Nat November 10, 2012 at 3:55 pm

Nina, I did feel pretty related with this story, because it has happened to me a lot of times too. Last time was the other weekend I guess, I went to eat sushi with my mother for dinner too. I LOVE sushi, so I asked for 6 diliciuos rolls I read in the menu, I ate them and was already FULL, stuffed, and my mother, who actually LOVE food so much, saw another 6 rolls she liked in another table of the place, so she asked for them to the guy who was taking the orders, I had told her that I was not going to eat anything else, but when I saw those other 6 rolls infront of me…OMG! They looked as delicious or even more than the ones I had eaten before…I couldn’t resisted myself and ate 3 of them…I felt so guilty after that, terribly guilty actually. So I didn’t know how to deal with that, and I tried to focus on another things and spend part of that night reading and etc…
But I still remember those last delicious 6 rolls, lol x_X

Reply

nina November 11, 2012 at 12:47 am

Hi Nat,

In the big scheme of things – it makes NO difference whatsoever.
It is the obsession, guilt, shame and remorse that makes the problem worse and throws us into either binge eating, starving, another diet that will fail, etc etc…

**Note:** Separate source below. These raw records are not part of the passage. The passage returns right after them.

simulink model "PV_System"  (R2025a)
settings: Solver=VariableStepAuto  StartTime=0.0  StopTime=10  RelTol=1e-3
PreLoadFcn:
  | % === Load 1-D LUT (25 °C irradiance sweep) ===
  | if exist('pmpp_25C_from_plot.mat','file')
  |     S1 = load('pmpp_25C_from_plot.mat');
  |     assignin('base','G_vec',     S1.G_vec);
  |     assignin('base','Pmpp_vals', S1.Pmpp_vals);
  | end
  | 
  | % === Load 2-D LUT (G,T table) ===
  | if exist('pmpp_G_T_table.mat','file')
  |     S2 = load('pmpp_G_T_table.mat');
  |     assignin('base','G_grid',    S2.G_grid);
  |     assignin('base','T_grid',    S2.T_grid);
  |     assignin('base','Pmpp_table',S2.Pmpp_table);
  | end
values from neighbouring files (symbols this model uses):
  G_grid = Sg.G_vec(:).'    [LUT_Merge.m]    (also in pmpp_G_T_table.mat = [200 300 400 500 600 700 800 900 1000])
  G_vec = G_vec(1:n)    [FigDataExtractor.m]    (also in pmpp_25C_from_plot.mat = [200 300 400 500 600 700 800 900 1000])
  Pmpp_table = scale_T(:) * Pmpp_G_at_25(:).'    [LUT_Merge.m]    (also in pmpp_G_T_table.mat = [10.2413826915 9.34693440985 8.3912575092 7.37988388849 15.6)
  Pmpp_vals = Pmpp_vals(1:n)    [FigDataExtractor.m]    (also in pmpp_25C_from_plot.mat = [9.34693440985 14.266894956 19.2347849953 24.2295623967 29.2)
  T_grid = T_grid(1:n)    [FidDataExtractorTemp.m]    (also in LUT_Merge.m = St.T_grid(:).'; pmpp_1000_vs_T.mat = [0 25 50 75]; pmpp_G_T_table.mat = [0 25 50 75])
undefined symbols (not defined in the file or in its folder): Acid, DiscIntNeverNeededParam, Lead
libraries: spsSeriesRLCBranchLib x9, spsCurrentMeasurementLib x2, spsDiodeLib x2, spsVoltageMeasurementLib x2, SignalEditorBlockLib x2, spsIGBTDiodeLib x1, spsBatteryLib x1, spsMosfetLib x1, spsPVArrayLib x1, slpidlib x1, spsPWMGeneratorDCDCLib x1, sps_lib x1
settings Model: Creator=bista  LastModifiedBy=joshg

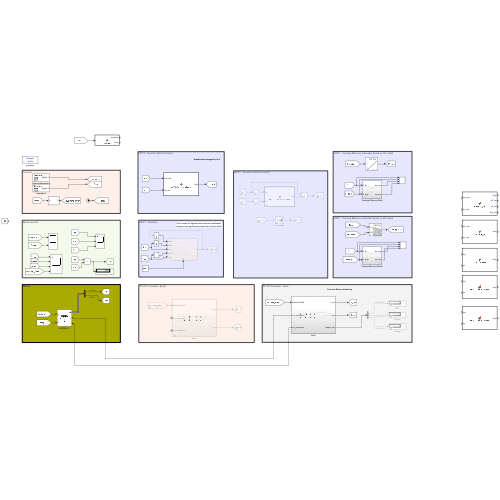
[thumbnail: Simulink's stored preview of the top-level diagram]
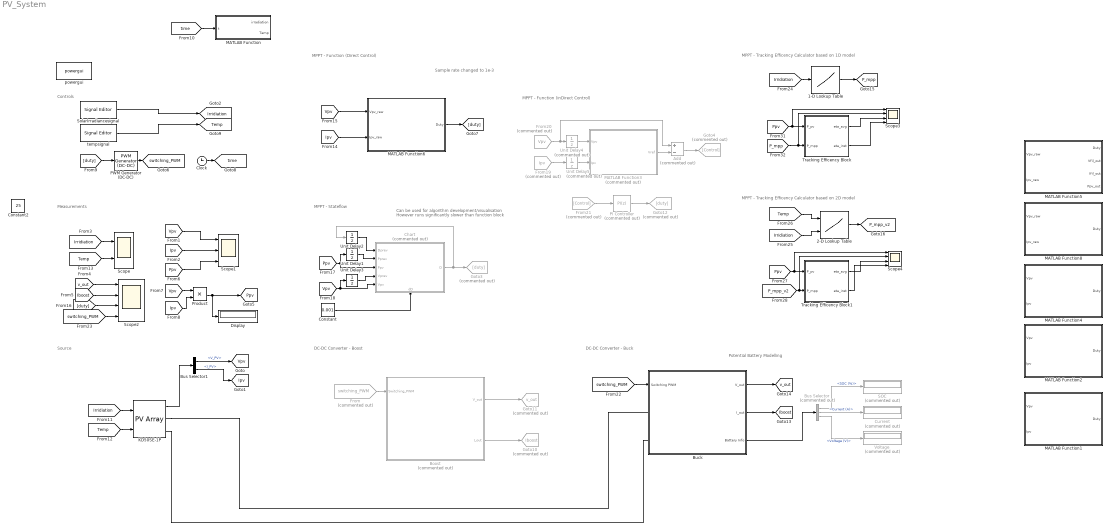
== system PV_System ==
  note: Can be used for algorithm development/visualisation
      | However runs significantly slower than function block
  note: Measurements
  note: Source
  note: Controls
  note: MPPT - Stateflow
  note: MPPT - Function (Direct Control)
  note: DC-DC Converter - Boost
  note: Potential Battery Modelling
  note: MPPT - Function (inDirect Control)
  note: DC-DC Converter - Buck
  note: Sample rate changed to 1e-3
  note: MPPT - Tracking Efficency Calculator based on 1D model
  note: MPPT - Tracking Efficency Calculator based on 2D model
  1-D Lookup Table : Lookup_n-D  NumberOfTableDimensions=1  BreakpointsForDimension1=G_vec  Table=Pmpp_vals  InternalRulePriority=Speed  RndMeth=Simplest
  2-D Lookup Table : Lookup_n-D  BreakpointsForDimension1=T_grid  BreakpointsForDimension2=G_grid  Table=Pmpp_table  InternalRulePriority=Speed  RndMeth=Simplest
      settings: InputPortMap=u0,u1
  Add : Sum  Commented=on  Inputs=+-
  Boost : Subsystem  Commented=on
  Buck : Subsystem
  Bus Selector : BusSelector  Commented=on  OutputSignals=SOC (%),Current (A),Voltage (V)
  Bus Selector1 : BusSelector  OutputSignals=V_PV,I_PV
  Chart : Stateflow chart  Commented=on  TreatAsAtomicUnit=on
      settings: PortSchema="{\"entries\":[{\"content\":{\"sides\":[{\"content\":{\"connectorIds\":[\"In1\",\"In2\",\"In3\",\"In5\",\"In6\"]},\"type\":\"ConnectorPlacement.EquallySpacedRectSide\",\"uuid\":\"d9c2b273-da21-4eaa-8b85-3980967242cf\"},{\"content\":{\"connectorIds\":[\"Out1\"],\"side\":\"RIGHT\"},\"type\":\"ConnectorPlacement.EquallySpacedRectSide\",\"uuid\":\"5d89ac01-9659-48cd-85be-cd83dc39a4f4\"},{\"content\":{\"side\":\"TOP\"},\"type\":\"ConnectorPlacement.EquallySpacedRectSide\",\"uuid\":\"137de6a3-6666-4d5d-9076-10c036d2112d\"},{\"content\":{\"connectorIds\":[\"In4\"],\"side\":\"BOTTOM\"},\"type\":\"ConnectorPlacement.EquallySpacedRectSide\",\"uuid\":\"26e6fe93-d823-44bf-a4e3-6882e06f529a\"}]},\"type\":\"ConnectorPlacement.EquallySpacedConnector\",\"uuid\":\"9c29b58e-f51c-4562-afea-24f99672fb48\"}],\"packageUris\":[\"http://schema.mathworks.com/mf0/Connector/R2020b\"],\"version\":\"1.0\"}"
  Clock : Clock
  Constant : Constant  Value=0.001
  Constant2 : Constant  Value=25
  Current : Display  Commented=on
  Display : Display
  From : From  Commented=on  GotoTag=switching_PWM  TagVisibility=global
  From19 : From  Commented=on  GotoTag=Ipv  TagVisibility=global
  From20 : From  Commented=on  GotoTag=Vpv  TagVisibility=global
  From21 : From  Commented=on  GotoTag=Control
  Goto10 : Goto  Commented=on  GotoTag=Iboost  TagVisibility=global
  Goto11 : Goto  Commented=on  GotoTag=v_out  TagVisibility=global
  Goto12 : Goto  Commented=on  GotoTag=duty
  Goto3 : Goto  Commented=on  GotoTag=duty
  Goto4 : Goto  Commented=on  GotoTag=Control
  KD50SE-1P : spsPVArrayLib/PV Array  Npar=1  Nser=1  PlotType=array @ 1000 W/m2 & specified temperatures  S_vec=[ 1000 900 800 700 600 500 400 300 200]  Temp_C_vec=[ 0 25 50 75]  ModuleName=User-defined  PlotWhenSelected=off  Pm=50.12  Ncell=36  Voc=19.9  Isc=3  Vm=17.9  Im=2.80  beta_Voc_pc=-0.1  alpha_Isc_pc=0.102  beta_Voc=-0.0199  alpha_Isc=0.00306  IL=3.0001  I0=2.8355e-10  nI=1.0003  Rsh=179.0004  Rs=0.23334  RobustModel=off  RobustCellTemperature=313.3991  BAL=on  Tc=1e-6  Tfilter=5e-5
  MATLAB Function : MATLAB Function  TreatAsAtomicUnit=on
  MATLAB Function1 : MATLAB Function  TreatAsAtomicUnit=on
  MATLAB Function2 : MATLAB Function  TreatAsAtomicUnit=on
  MATLAB Function3 : MATLAB Function  Commented=on  TreatAsAtomicUnit=on
  MATLAB Function4 : MATLAB Function  TreatAsAtomicUnit=on
  MATLAB Function5 : MATLAB Function  TreatAsAtomicUnit=on
  MATLAB Function6 : MATLAB Function  TreatAsAtomicUnit=on
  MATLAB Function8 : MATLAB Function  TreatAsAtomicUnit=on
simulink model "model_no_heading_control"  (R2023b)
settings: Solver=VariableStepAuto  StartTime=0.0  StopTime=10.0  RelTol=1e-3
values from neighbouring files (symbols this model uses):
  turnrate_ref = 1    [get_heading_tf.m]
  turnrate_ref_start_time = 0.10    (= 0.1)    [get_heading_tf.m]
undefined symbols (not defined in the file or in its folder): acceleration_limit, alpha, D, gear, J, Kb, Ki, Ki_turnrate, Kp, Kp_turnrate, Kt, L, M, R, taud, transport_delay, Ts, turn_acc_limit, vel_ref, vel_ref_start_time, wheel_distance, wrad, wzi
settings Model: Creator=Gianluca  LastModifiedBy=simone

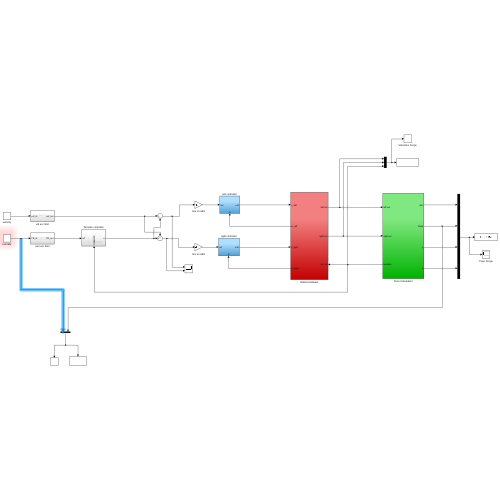
[thumbnail: Simulink's stored preview of the top-level diagram]
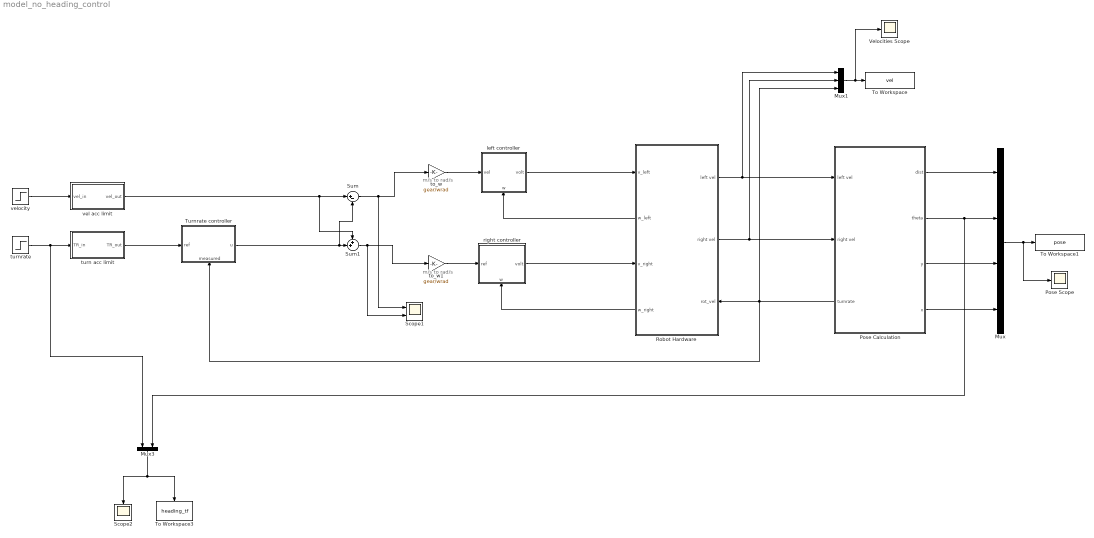
== system model_no_heading_control ==
  note: m/s to rad/s
  note: m/s to rad/s
  Mux : Mux
  Mux1 : Mux  Inputs=3
  Mux3 : Mux  Inputs=2
  Pose Calculation : Subsystem
      settings: PortSchema="{\"entries\":[{\"content\":{\"sides\":[{\"content\":{\"connectorIds\":[\"In1\",\"In2\",\"Out5\"]},\"type\":\"ConnectorPlacement.EquallySpacedRectSide\",\"uuid\":\"3bde791d-a2ac-4d13-a51a-30874ee8f75a\"},{\"content\":{\"connectorIds\":[\"Out1\",\"Out2\",\"Out3\",\"Out4\"],\"side\":\"RIGHT\"},\"type\":\"ConnectorPlacement.EquallySpacedRectSide\",\"uuid\":\"88ae4683-d3e7-483e-be55-3d26372f5fe2\"},{\"content\":{\"side\":\"TOP\"},\"type\":\"ConnectorPlacement.EquallySpacedRectSide\",\"uuid\":\"26752a72-f697-4de9-9dcd-1ca4cee0df39\"}]},\"type\":\"ConnectorPlacement.EquallySpacedConnector\",\"uuid\":\"d259c3e3-c5d7-42b6-881b-3a633aa969c6\"}],\"packageUris\":[\"http://schema.mathworks.com/mf0/Connector/R2020b\"],\"version\":\"1.0\"}"
  Pose Scope : Scope
  Robot Hardware : Subsystem
      settings: PortSchema="{\"entries\":[{\"content\":{\"sides\":[{\"content\":{\"connectorIds\":[\"In1\",\"Out3\",\"In2\",\"Out4\"]},\"type\":\"ConnectorPlacement.EquallySpacedRectSide\",\"uuid\":\"419fea77-f9ca-4e06-bea6-681a18650ab8\"},{\"content\":{\"connectorIds\":[\"Out1\",\"Out2\",\"In3\"],\"side\":\"RIGHT\"},\"type\":\"ConnectorPlacement.EquallySpacedRectSide\",\"uuid\":\"1629cad4-6101-470f-acc1-fad0cb327def\"},{\"content\":{\"side\":\"TOP\"},\"type\":\"ConnectorPlacement.EquallySpacedRectSide\",\"uuid\":\"70c90e71-c188-4b9c-b220-781da08827f9\"}]},\"type\":\"ConnectorPlacement.EquallySpacedConnector\",\"uuid\":\"ad56978f-143c-418e-863d-6c6f1f6f5d0c\"}],\"packageUris\":[\"http://schema.mathworks.com/mf0/Connector/R2020b\"],\"version\":\"1.0\"}"
  Scope1 : Scope  NumInputPorts=2
  Scope2 : Scope
  Sum : Sum  Inputs=|+-
  Sum1 : Sum  Inputs=++|
  To Workspace : ToWorkspace  VariableName=vel  SaveFormat=Timeseries  SampleTime=-1
  To Workspace1 : ToWorkspace  VariableName=pose  SaveFormat=Timeseries  SampleTime=-1
  To Workspace3 : ToWorkspace  VariableName=heading_tf  SaveFormat=Timeseries  SampleTime=-1
  Turnrate controller : Subsystem
      settings: PortSchema="{\"entries\":[{\"content\":{\"sides\":[{\"content\":{\"connectorIds\":[\"In1\"]},\"type\":\"ConnectorPlacement.EquallySpacedRectSide\",\"uuid\":\"3bde791d-a2ac-4d13-a51a-30874ee8f75a\"},{\"content\":{\"connectorIds\":[\"Out1\"],\"side\":\"RIGHT\"},\"type\":\"ConnectorPlacement.EquallySpacedRectSide\",\"uuid\":\"88ae4683-d3e7-483e-be55-3d26372f5fe2\"},{\"content\":{\"side\":\"TOP\"},\"type\":\"ConnectorPlacement.EquallySpacedRectSide\",\"uuid\":\"26752a72-f697-4de9-9dcd-1ca4cee0df39\"},{\"content\":{\"connectorIds\":[\"In2\"],\"side\":\"BOTTOM\"},\"type\":\"ConnectorPlacement.EquallySpacedRectSide\",\"uuid\":\"98a7b674-7c45-4a73-92a3-8750bdde1f36\"}]},\"type\":\"ConnectorPlacement.EquallySpacedConnector\",\"uuid\":\"d259c3e3-c5d7-42b6-881b-3a633aa969c6\"}],\"packageUris\":[\"http://schema.mathworks.com/mf0/Connector/R2020b\"],\"version\":\"1.0\"}"
  Velocities Scope : Scope
  left controller : Subsystem
      settings: PortSchema="{\"entries\":[{\"content\":{\"sides\":[{\"content\":{\"connectorIds\":[\"In1\"]},\"type\":\"ConnectorPlacement.EquallySpacedRectSide\",\"uuid\":\"3bde791d-a2ac-4d13-a51a-30874ee8f75a\"},{\"content\":{\"connectorIds\":[\"Out1\"],\"side\":\"RIGHT\"},\"type\":\"ConnectorPlacement.EquallySpacedRectSide\",\"uuid\":\"88ae4683-d3e7-483e-be55-3d26372f5fe2\"},{\"content\":{\"side\":\"TOP\"},\"type\":\"ConnectorPlacement.EquallySpacedRectSide\",\"uuid\":\"26752a72-f697-4de9-9dcd-1ca4cee0df39\"},{\"content\":{\"connectorIds\":[\"In2\"],\"side\":\"BOTTOM\"},\"type\":\"ConnectorPlacement.EquallySpacedRectSide\",\"uuid\":\"8837b86a-35cd-4679-9975-e69b760c287c\"}]},\"type\":\"ConnectorPlacement.EquallySpacedConnector\",\"uuid\":\"d259c3e3-c5d7-42b6-881b-3a633aa969c6\"}],\"packageUris\":[\"http://schema.mathworks.com/mf0/Connector/R2020b\"],\"version\":\"1.0\"}"
  right controller : Subsystem
      settings: PortSchema="{\"entries\":[{\"content\":{\"sides\":[{\"content\":{\"connectorIds\":[\"In1\"]},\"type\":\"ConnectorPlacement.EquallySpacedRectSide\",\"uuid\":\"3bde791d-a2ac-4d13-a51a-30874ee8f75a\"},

The best way it to just “let it be” and move on!

One meal does not make you fat or affect your path to recovery. it is the thoughts that we attach to it that cause the damage

Love Nina x0

Reply

Jennifer November 8, 2012 at 2:21 pm

This is a great story Nina, something I can relate too very much. Sometimes I feel like I’ve overeaten, I may feel too full, possibly a bit sick or maybe just the food I’ve eaten didn’t agree with me. But instead of obsessing over it, I accept thats how I’m feeling, I don’t beat myself up. & I move on with my day.
🙂 xx

Reply

nina November 11, 2012 at 12:45 am

That is absolutely perfect jennifer!

Obsessing over it and making ourselves feel guilty just exacerbates the problem.

Keep moving forward, and remember that we can start our day at any time. We can focus on all of the POSITIVE things that we are doing and take the power away from the eating disorder.